Anti-Debugging Tricks (1993) - antigizmo
http://textfiles.com/programming/antidbg.txt
======
chris_overseas
I remember hitting a few of these back in my youth when I was trying to
"backup" game floppy disks. Some were easy to work around (eg 1.1.1 could just
be replaced with NOP commands to allow further debugging), others were much
more difficult to deal with (eg 2.2.2 resulted in single stepping through huge
chunks of code, taking notes as I went, and rebooting/restarting the session
each time I made a mistake - very time consuming).

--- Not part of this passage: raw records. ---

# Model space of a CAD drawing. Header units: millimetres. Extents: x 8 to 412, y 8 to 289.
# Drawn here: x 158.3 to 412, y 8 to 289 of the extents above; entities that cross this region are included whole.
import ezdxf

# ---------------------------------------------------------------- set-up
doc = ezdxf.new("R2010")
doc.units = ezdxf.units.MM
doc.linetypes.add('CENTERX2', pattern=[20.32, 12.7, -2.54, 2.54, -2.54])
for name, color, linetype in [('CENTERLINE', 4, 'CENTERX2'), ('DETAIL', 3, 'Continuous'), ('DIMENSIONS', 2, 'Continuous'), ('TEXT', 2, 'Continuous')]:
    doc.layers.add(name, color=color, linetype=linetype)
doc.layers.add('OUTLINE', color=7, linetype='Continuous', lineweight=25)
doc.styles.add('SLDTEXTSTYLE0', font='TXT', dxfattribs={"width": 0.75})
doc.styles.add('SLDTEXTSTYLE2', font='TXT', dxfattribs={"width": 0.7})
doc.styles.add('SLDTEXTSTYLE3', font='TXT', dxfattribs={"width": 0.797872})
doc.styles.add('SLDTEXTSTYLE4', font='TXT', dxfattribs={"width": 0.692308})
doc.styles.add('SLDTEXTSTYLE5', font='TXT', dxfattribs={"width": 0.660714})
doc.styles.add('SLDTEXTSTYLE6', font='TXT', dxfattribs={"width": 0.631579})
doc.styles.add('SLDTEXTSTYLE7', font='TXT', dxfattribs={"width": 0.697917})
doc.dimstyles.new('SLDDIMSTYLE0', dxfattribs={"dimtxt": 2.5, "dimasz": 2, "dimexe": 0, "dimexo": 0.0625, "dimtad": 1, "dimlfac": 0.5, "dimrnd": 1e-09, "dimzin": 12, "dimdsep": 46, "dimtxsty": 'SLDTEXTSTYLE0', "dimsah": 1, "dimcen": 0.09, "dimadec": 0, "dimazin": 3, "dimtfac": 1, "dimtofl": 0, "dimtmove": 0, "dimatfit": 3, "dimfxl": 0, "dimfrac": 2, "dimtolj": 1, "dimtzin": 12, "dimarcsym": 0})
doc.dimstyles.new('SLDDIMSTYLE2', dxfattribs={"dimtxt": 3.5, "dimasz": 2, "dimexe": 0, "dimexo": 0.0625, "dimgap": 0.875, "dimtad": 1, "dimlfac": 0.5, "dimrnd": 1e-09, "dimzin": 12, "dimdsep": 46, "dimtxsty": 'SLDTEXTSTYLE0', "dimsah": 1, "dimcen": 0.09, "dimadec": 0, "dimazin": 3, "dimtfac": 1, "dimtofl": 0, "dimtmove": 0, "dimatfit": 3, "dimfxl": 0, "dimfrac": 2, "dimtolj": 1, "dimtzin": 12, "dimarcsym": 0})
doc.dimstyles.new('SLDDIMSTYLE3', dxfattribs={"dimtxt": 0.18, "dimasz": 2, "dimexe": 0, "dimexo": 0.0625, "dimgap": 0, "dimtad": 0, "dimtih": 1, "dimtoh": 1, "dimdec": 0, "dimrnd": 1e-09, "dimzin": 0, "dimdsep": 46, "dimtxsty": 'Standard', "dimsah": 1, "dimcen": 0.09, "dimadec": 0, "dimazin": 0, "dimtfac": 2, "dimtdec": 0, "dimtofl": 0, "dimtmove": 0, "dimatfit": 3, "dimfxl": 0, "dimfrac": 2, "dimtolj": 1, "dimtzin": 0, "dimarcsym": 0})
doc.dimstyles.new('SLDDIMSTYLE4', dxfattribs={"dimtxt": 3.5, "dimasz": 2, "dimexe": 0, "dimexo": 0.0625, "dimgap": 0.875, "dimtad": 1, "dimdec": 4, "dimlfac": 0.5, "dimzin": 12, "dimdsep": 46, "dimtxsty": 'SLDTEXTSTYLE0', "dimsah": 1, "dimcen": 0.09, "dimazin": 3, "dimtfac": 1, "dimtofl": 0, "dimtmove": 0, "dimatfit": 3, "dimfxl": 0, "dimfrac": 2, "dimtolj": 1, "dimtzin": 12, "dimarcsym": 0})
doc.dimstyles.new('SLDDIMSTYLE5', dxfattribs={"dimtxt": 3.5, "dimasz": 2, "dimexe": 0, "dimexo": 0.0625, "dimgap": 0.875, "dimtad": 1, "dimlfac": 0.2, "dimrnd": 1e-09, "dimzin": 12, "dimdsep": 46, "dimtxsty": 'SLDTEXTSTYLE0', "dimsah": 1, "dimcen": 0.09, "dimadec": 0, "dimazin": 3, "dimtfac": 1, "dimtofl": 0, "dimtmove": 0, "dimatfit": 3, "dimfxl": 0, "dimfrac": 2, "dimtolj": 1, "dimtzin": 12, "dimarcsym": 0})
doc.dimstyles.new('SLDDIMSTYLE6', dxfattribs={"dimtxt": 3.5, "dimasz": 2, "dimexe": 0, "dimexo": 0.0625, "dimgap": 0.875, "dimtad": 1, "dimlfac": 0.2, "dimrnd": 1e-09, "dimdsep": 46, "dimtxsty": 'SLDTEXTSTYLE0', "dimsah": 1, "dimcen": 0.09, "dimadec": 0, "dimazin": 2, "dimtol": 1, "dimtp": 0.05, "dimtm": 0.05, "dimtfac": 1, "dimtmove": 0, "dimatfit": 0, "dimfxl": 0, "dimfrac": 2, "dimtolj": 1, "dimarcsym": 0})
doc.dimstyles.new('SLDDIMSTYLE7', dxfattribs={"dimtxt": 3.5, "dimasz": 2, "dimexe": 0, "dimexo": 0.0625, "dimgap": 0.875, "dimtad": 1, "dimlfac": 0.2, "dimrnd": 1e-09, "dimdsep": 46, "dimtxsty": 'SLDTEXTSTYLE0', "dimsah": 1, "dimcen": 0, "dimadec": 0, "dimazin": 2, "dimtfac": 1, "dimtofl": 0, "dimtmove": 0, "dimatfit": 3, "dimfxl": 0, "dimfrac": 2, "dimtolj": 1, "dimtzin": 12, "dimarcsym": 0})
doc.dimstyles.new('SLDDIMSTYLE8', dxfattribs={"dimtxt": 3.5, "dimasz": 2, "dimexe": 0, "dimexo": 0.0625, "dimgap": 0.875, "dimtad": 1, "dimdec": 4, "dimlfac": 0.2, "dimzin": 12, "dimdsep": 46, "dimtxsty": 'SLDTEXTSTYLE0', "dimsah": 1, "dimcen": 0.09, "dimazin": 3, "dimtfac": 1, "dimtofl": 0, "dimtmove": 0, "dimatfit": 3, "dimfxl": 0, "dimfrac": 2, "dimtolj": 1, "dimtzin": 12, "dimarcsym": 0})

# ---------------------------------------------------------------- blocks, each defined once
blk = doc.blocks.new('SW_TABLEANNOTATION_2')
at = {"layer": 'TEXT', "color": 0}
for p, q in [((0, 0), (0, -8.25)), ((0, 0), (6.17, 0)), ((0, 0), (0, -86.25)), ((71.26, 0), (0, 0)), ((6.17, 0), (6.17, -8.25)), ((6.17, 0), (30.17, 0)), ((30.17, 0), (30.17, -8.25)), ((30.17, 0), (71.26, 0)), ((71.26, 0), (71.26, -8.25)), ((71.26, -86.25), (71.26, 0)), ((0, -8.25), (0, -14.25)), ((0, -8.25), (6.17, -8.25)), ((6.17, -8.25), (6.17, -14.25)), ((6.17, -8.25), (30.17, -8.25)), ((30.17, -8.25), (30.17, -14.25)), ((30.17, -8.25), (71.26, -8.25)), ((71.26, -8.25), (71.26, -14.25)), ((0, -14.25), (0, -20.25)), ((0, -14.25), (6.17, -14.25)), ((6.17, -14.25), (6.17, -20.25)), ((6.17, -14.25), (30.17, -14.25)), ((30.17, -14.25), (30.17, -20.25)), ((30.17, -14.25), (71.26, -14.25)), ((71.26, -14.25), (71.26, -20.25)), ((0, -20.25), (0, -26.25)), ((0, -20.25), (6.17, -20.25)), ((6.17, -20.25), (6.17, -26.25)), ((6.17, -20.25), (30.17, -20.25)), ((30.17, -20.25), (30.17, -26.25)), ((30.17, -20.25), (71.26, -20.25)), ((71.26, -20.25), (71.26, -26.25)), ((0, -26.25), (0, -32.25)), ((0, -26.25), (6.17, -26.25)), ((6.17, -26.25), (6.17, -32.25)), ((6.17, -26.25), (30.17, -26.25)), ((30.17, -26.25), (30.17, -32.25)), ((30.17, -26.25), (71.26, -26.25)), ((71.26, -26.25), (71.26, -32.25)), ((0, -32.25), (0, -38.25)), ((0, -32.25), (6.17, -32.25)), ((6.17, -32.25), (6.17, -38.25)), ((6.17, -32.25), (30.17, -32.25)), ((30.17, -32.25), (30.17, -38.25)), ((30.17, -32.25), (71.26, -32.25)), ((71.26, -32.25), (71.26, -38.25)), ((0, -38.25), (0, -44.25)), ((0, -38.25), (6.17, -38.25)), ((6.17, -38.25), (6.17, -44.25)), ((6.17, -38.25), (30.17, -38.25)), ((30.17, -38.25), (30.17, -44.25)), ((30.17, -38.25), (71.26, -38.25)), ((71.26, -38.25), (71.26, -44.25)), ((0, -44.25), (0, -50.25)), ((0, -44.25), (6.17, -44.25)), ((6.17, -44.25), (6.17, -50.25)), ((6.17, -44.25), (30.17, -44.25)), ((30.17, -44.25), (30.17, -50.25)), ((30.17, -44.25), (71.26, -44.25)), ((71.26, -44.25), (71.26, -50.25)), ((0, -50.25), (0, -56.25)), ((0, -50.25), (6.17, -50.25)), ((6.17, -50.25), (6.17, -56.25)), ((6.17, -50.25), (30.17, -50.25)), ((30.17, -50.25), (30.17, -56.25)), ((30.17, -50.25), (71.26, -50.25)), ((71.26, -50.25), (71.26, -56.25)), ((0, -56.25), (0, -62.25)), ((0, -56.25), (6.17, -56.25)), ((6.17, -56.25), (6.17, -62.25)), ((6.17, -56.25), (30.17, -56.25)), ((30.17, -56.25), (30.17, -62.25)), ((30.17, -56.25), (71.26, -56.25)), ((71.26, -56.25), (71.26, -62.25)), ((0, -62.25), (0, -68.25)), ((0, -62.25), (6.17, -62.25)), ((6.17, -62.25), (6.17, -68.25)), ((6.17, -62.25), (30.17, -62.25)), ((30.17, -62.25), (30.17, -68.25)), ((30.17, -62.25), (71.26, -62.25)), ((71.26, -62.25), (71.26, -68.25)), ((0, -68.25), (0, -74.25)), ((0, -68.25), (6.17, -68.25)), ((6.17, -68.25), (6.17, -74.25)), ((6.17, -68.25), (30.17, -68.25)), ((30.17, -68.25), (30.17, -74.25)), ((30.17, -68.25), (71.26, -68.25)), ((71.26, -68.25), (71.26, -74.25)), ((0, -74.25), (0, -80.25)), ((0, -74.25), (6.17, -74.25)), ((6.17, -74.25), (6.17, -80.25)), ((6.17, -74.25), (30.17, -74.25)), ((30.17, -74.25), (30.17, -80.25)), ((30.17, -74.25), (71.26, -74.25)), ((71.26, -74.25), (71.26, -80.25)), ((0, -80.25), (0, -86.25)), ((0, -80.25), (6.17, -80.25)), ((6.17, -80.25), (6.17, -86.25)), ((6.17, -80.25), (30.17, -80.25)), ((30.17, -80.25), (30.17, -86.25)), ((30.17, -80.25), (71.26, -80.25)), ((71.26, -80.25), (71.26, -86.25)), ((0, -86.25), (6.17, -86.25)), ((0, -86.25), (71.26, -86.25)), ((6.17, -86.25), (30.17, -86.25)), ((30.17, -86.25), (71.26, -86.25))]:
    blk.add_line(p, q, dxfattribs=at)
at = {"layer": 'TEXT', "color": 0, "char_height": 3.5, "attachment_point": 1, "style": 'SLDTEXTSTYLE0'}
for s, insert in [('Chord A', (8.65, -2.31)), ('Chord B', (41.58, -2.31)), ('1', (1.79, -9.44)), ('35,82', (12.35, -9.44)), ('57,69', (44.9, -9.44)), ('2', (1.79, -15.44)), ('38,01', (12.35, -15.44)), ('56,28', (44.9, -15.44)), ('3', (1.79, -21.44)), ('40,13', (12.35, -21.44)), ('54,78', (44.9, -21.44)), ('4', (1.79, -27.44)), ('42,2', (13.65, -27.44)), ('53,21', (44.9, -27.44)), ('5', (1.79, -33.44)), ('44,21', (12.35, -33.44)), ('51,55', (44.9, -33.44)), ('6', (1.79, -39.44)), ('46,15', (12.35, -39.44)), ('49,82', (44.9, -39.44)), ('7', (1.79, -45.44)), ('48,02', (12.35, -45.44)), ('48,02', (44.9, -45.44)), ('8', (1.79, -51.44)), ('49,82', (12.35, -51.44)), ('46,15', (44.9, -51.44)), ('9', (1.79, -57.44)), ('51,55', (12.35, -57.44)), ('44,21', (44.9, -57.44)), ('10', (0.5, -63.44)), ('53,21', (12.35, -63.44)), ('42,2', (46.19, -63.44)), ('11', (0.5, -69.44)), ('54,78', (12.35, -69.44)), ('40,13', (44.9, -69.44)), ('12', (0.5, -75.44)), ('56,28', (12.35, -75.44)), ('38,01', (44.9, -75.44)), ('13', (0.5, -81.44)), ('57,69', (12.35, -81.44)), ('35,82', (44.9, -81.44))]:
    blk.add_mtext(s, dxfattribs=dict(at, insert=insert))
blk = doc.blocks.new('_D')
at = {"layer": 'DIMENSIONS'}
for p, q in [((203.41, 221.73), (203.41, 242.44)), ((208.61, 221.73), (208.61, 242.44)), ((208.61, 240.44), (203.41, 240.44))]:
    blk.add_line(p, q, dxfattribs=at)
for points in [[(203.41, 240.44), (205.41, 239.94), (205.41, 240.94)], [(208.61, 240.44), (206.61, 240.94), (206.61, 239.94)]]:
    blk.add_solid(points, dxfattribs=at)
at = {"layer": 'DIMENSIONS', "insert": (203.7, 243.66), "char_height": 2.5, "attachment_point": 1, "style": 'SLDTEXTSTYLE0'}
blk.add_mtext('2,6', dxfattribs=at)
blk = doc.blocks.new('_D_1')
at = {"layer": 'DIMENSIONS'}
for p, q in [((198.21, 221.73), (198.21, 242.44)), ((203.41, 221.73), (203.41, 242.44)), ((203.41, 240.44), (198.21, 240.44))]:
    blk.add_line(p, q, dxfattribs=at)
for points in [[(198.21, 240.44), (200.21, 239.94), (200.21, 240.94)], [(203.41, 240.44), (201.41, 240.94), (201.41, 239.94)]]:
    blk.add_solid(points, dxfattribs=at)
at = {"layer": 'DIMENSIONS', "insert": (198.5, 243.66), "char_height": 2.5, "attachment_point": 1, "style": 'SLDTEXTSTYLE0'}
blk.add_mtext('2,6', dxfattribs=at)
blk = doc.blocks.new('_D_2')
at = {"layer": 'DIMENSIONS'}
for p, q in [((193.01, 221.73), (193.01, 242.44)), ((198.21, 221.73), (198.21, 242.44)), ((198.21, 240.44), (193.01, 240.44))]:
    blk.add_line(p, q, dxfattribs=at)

I liked encountering a form of protection I hadn't seen before, it gave me a
new challenge to solve and a chance to learn something new. I came to realise
I didn't even care about the games themselves, bypassing the protection WAS
the game for me.

As an aside, overall I noticed a positive correlation between the quality of
the game and the quality of the protection (if any) it used.

------
tux
Here is a bit easier to read version:

[http://readtext.org/programming/anti-debugging-
tricks/](http://readtext.org/programming/anti-debugging-tricks/)

------
jkot
Most extreme trick was destruction code, which would only be executed while
debugging, due to timing. Back than it was possible to destroy CRT display
(set refresh frequency too high), motherboard (overwrite BIOS) or harddrive.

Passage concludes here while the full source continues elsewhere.